__About this exercise__
Starting at the line with "#18=AXIS2_PLACEMENT_3D('',#15,#16,#17);" and going on through the line with "#55=EDGE_LOOP('',(#54));", reproduce each line in the records below exactly and nothing more.

__Records provided__

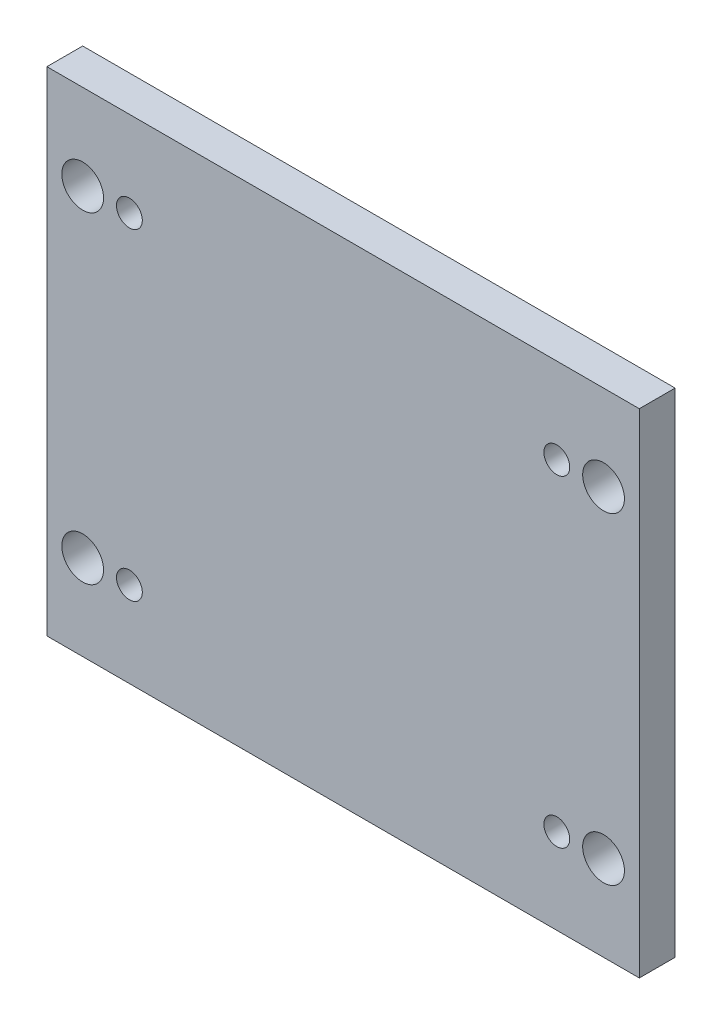
ISO-10303-21;
HEADER;
FILE_DESCRIPTION(('STEP AP214'),'2;1');
FILE_NAME('part.step','',(''),(''),'','','');
FILE_SCHEMA(('AUTOMOTIVE_DESIGN { 1 0 10303 214 1 1 1 1 }'));
ENDSEC;
DATA;
#1=APPLICATION_CONTEXT('core data for automotive mechanical design processes');
#2=APPLICATION_PROTOCOL_DEFINITION('international standard','automotive_design',2000,#1);
#3=PRODUCT_CONTEXT('',#1,'mechanical');
#4=PRODUCT('Part','Part','',(#3));
#5=PRODUCT_RELATED_PRODUCT_CATEGORY('part','',(#4));
#6=PRODUCT_DEFINITION_FORMATION('','',#4);
#7=PRODUCT_DEFINITION_CONTEXT('part definition',#1,'design');
#8=PRODUCT_DEFINITION('design','',#6,#7);
#9=PRODUCT_DEFINITION_SHAPE('','',#8);
#10=(LENGTH_UNIT() NAMED_UNIT(*) SI_UNIT(.MILLI.,.METRE.));
#11=(NAMED_UNIT(*) PLANE_ANGLE_UNIT() SI_UNIT($,.RADIAN.));
#12=(NAMED_UNIT(*) SI_UNIT($,.STERADIAN.) SOLID_ANGLE_UNIT());
#13=UNCERTAINTY_MEASURE_WITH_UNIT(LENGTH_MEASURE(1.E-05),#10,'distance_accuracy_value','');
#14=(GEOMETRIC_REPRESENTATION_CONTEXT(3) GLOBAL_UNCERTAINTY_ASSIGNED_CONTEXT((#13)) GLOBAL_UNIT_ASSIGNED_CONTEXT((#10,
#11,#12)) REPRESENTATION_CONTEXT('',''));
#15=CARTESIAN_POINT('',(0.,0.,0.));
#16=DIRECTION('',(0.,0.,1.));
#17=DIRECTION('',(1.,0.,0.));
#18=AXIS2_PLACEMENT_3D('',#15,#16,#17);
#19=CARTESIAN_POINT('',(0.,0.,36.));
#20=DIRECTION('',(0.,0.,1.));
#21=DIRECTION('',(1.,0.,0.));
#22=AXIS2_PLACEMENT_3D('',#19,#20,#21);
#23=PLANE('',#22);
#24=CARTESIAN_POINT('',(-215.,-162.,36.));
#25=DIRECTION('',(0.,0.,-1.));
#26=DIRECTION('',(-1.,0.,0.));
#27=AXIS2_PLACEMENT_3D('',#24,#25,#26);
#28=CIRCLE('',#27,13.);
#29=CARTESIAN_POINT('',(-228.,-162.,36.));
#30=VERTEX_POINT('',#29);
#31=EDGE_CURVE('E173',#30,#30,#28,.T.);
#32=ORIENTED_EDGE('',*,*,#31,.T.);
#33=EDGE_LOOP('',(#32));
#34=FACE_BOUND('',#33,.T.);
#35=CARTESIAN_POINT('',(215.,162.,36.));
#36=DIRECTION('',(0.,0.,1.));
#37=DIRECTION('',(1.,0.,0.));
#38=AXIS2_PLACEMENT_3D('',#35,#36,#37);
#39=CIRCLE('',#38,13.);
#40=CARTESIAN_POINT('',(228.,162.,36.));
#41=VERTEX_POINT('',#40);
#42=EDGE_CURVE('E152',#41,#41,#39,.T.);
#43=ORIENTED_EDGE('',*,*,#42,.F.);
#44=EDGE_LOOP('',(#43));
#45=FACE_BOUND('',#44,.T.);
#46=CARTESIAN_POINT('',(-262.,162.,36.));
#47=DIRECTION('',(0.,0.,1.));
#48=DIRECTION('',(1.,0.,0.));
#49=AXIS2_PLACEMENT_3D('',#46,#47,#48);
#50=CIRCLE('',#49,21.);
#51=CARTESIAN_POINT('',(-241.,162.,36.));
#52=VERTEX_POINT('',#51);
#53=EDGE_CURVE('E132',#52,#52,#50,.T.);
#54=ORIENTED_EDGE('',*,*,#53,.F.);
#55=EDGE_LOOP('',(#54));
#56=FACE_BOUND('',#55,.T.);
#57=CARTESIAN_POINT('',(-262.,-162.,36.));
#58=DIRECTION('',(0.,0.,1.));
#59=DIRECTION('',(1.,0.,0.));
#60=AXIS2_PLACEMENT_3D('',#57,#58,#59);
#61=CIRCLE('',#60,21.);
#62=CARTESIAN_POINT('',(-241.,-162.,36.));
#63=VERTEX_POINT('',#62);
#64=EDGE_CURVE('E126',#63,#63,#61,.T.);
#65=ORIENTED_EDGE('',*,*,#64,.F.);
#66=EDGE_LOOP('',(#65));
#67=FACE_BOUND('',#66,.T.);
#68=CARTESIAN_POINT('',(262.,-162.,36.));
#69=DIRECTION('',(0.,0.,1.));
#70=DIRECTION('',(1.,0.,0.));
#71=AXIS2_PLACEMENT_3D('',#68,#69,#70);
#72=CIRCLE('',#71,21.);
#73=CARTESIAN_POINT('',(283.,-162.,36.));
#74=VERTEX_POINT('',#73);
#75=EDGE_CURVE('E120',#74,#74,#72,.T.);
#76=ORIENTED_EDGE('',*,*,#75,.F.);
#77=EDGE_LOOP('',(#76));
#78=FACE_BOUND('',#77,.T.);
#79=CARTESIAN_POINT('',(262.,162.,36.));
#80=DIRECTION('',(0.,0.,1.));
#81=DIRECTION('',(1.,0.,0.));
#82=AXIS2_PLACEMENT_3D('',#79,#80,#81);
#83=CIRCLE('',#82,21.);
#84=CARTESIAN_POINT('',(283.,162.,36.));
#85=VERTEX_POINT('',#84);
#86=EDGE_CURVE('E114',#85,#85,#83,.T.);
#87=ORIENTED_EDGE('',*,*,#86,.F.);
#88=EDGE_LOOP('',(#87));
#89=FACE_BOUND('',#88,.T.);
#90=DIRECTION('',(0.,-1.,0.));
#91=VECTOR('',#90,1.);
#92=CARTESIAN_POINT('',(-298.,248.,36.));
#93=LINE('',#92,#91);
#94=CARTESIAN_POINT('',(-298.,248.,36.));
#95=VERTEX_POINT('',#94);
#96=CARTESIAN_POINT('',(-298.,-248.,36.));
#97=VERTEX_POINT('',#96);
#98=EDGE_CURVE('E87',#95,#97,#93,.T.);
#99=ORIENTED_EDGE('',*,*,#98,.T.);
#100=DIRECTION('',(1.,0.,0.));
#101=VECTOR('',#100,1.);
#102=CARTESIAN_POINT('',(-298.,-248.,36.));
#103=LINE('',#102,#101);
#104=CARTESIAN_POINT('',(298.,-248.,36.));
#105=VERTEX_POINT('',#104);
#106=EDGE_CURVE('E82',#97,#105,#103,.T.);
#107=ORIENTED_EDGE('',*,*,#106,.T.);
#108=DIRECTION('',(0.,1.,0.));
#109=VECTOR('',#108,1.);
#110=CARTESIAN_POINT('',(298.,-248.,36.));
#111=LINE('',#110,#109);
#112=CARTESIAN_POINT('',(298.,248.,36.));
#113=VERTEX_POINT('',#112);
#114=EDGE_CURVE('E85',#105,#113,#111,.T.);
#115=ORIENTED_EDGE('',*,*,#114,.T.);
#116=DIRECTION('',(-1.,0.,0.));
#117=VECTOR('',#116,1.);
#118=CARTESIAN_POINT('',(298.,248.,36.));
#119=LINE('',#118,#117);
#120=EDGE_CURVE('E52',#113,#95,#119,.T.);
#121=ORIENTED_EDGE('',*,*,#120,.T.);
#122=EDGE_LOOP('',(#99,#107,#115,#121));
#123=FACE_BOUND('',#122,.T.);
#124=CARTESIAN_POINT('',(215.,-162.,36.));
#125=DIRECTION('',(0.,0.,-1.));
#126=DIRECTION('',(-1.,0.,0.));
#127=AXIS2_PLACEMENT_3D('',#124,#125,#126);
#128=CIRCLE('',#127,13.);
#129=CARTESIAN_POINT('',(202.,-162.,36.));
#130=VERTEX_POINT('',#129);
#131=EDGE_CURVE('E164',#130,#130,#128,.T.);
#132=ORIENTED_EDGE('',*,*,#131,.T.);
#133=EDGE_LOOP('',(#132));
#134=FACE_BOUND('',#133,.T.);
#135=CARTESIAN_POINT('',(-215.,162.,36.));
#136=DIRECTION('',(0.,0.,1.));
#137=DIRECTION('',(1.,0.,0.));
#138=AXIS2_PLACEMENT_3D('',#135,#136,#137);
#139=CIRCLE('',#138,13.);
#140=CARTESIAN_POINT('',(-202.,162.,36.));
#141=VERTEX_POINT('',#140);
#142=EDGE_CURVE('E179',#141,#141,#139,.T.);
#143=ORIENTED_EDGE('',*,*,#142,.F.);
#144=EDGE_LOOP('',(#143));
#145=FACE_BOUND('',#144,.T.);
#146=ADVANCED_FACE('F35',(#34,#45,#56,#67,#78,#89,#123,#134,#145),#23,.T.);
#147=CARTESIAN_POINT('',(0.,0.,0.));
#148=DIRECTION('',(0.,0.,1.));
#149=DIRECTION('',(1.,0.,0.));
#150=AXIS2_PLACEMENT_3D('',#147,#148,#149);
#151=PLANE('',#150);
#152=CARTESIAN_POINT('',(-215.,162.,0.));
#153=DIRECTION('',(0.,0.,1.));
#154=DIRECTION('',(1.,0.,0.));
#155=AXIS2_PLACEMENT_3D('',#152,#153,#154);
#156=CIRCLE('',#155,9.00000000000001);
#157=CARTESIAN_POINT('',(-206.,162.,0.));
#158=VERTEX_POINT('',#157);
#159=EDGE_CURVE('E143',#158,#158,#156,.T.);
#160=ORIENTED_EDGE('',*,*,#159,.T.);
#161=EDGE_LOOP('',(#160));
#162=FACE_BOUND('',#161,.T.);
#163=CARTESIAN_POINT('',(215.,162.,0.));
#164=DIRECTION('',(0.,0.,1.));
#165=DIRECTION('',(1.,0.,0.));
#166=AXIS2_PLACEMENT_3D('',#163,#164,#165);
#167=CIRCLE('',#166,9.00000000000001);
#168=CARTESIAN_POINT('',(224.,162.,0.));
#169=VERTEX_POINT('',#168);
#170=EDGE_CURVE('E135',#169,#169,#167,.T.);
#171=ORIENTED_EDGE('',*,*,#170,.T.);
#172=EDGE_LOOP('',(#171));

__The answer__
#18=AXIS2_PLACEMENT_3D('',#15,#16,#17);
#19=CARTESIAN_POINT('',(0.,0.,36.));
#20=DIRECTION('',(0.,0.,1.));
#21=DIRECTION('',(1.,0.,0.));
#22=AXIS2_PLACEMENT_3D('',#19,#20,#21);
#23=PLANE('',#22);
#24=CARTESIAN_POINT('',(-215.,-162.,36.));
#25=DIRECTION('',(0.,0.,-1.));
#26=DIRECTION('',(-1.,0.,0.));
#27=AXIS2_PLACEMENT_3D('',#24,#25,#26);
#28=CIRCLE('',#27,13.);
#29=CARTESIAN_POINT('',(-228.,-162.,36.));
#30=VERTEX_POINT('',#29);
#31=EDGE_CURVE('E173',#30,#30,#28,.T.);
#32=ORIENTED_EDGE('',*,*,#31,.T.);
#33=EDGE_LOOP('',(#32));
#34=FACE_BOUND('',#33,.T.);
#35=CARTESIAN_POINT('',(215.,162.,36.));
#36=DIRECTION('',(0.,0.,1.));
#37=DIRECTION('',(1.,0.,0.));
#38=AXIS2_PLACEMENT_3D('',#35,#36,#37);
#39=CIRCLE('',#38,13.);
#40=CARTESIAN_POINT('',(228.,162.,36.));
#41=VERTEX_POINT('',#40);
#42=EDGE_CURVE('E152',#41,#41,#39,.T.);
#43=ORIENTED_EDGE('',*,*,#42,.F.);
#44=EDGE_LOOP('',(#43));
#45=FACE_BOUND('',#44,.T.);
#46=CARTESIAN_POINT('',(-262.,162.,36.));
#47=DIRECTION('',(0.,0.,1.));
#48=DIRECTION('',(1.,0.,0.));
#49=AXIS2_PLACEMENT_3D('',#46,#47,#48);
#50=CIRCLE('',#49,21.);
#51=CARTESIAN_POINT('',(-241.,162.,36.));
#52=VERTEX_POINT('',#51);
#53=EDGE_CURVE('E132',#52,#52,#50,.T.);
#54=ORIENTED_EDGE('',*,*,#53,.F.);
#55=EDGE_LOOP('',(#54));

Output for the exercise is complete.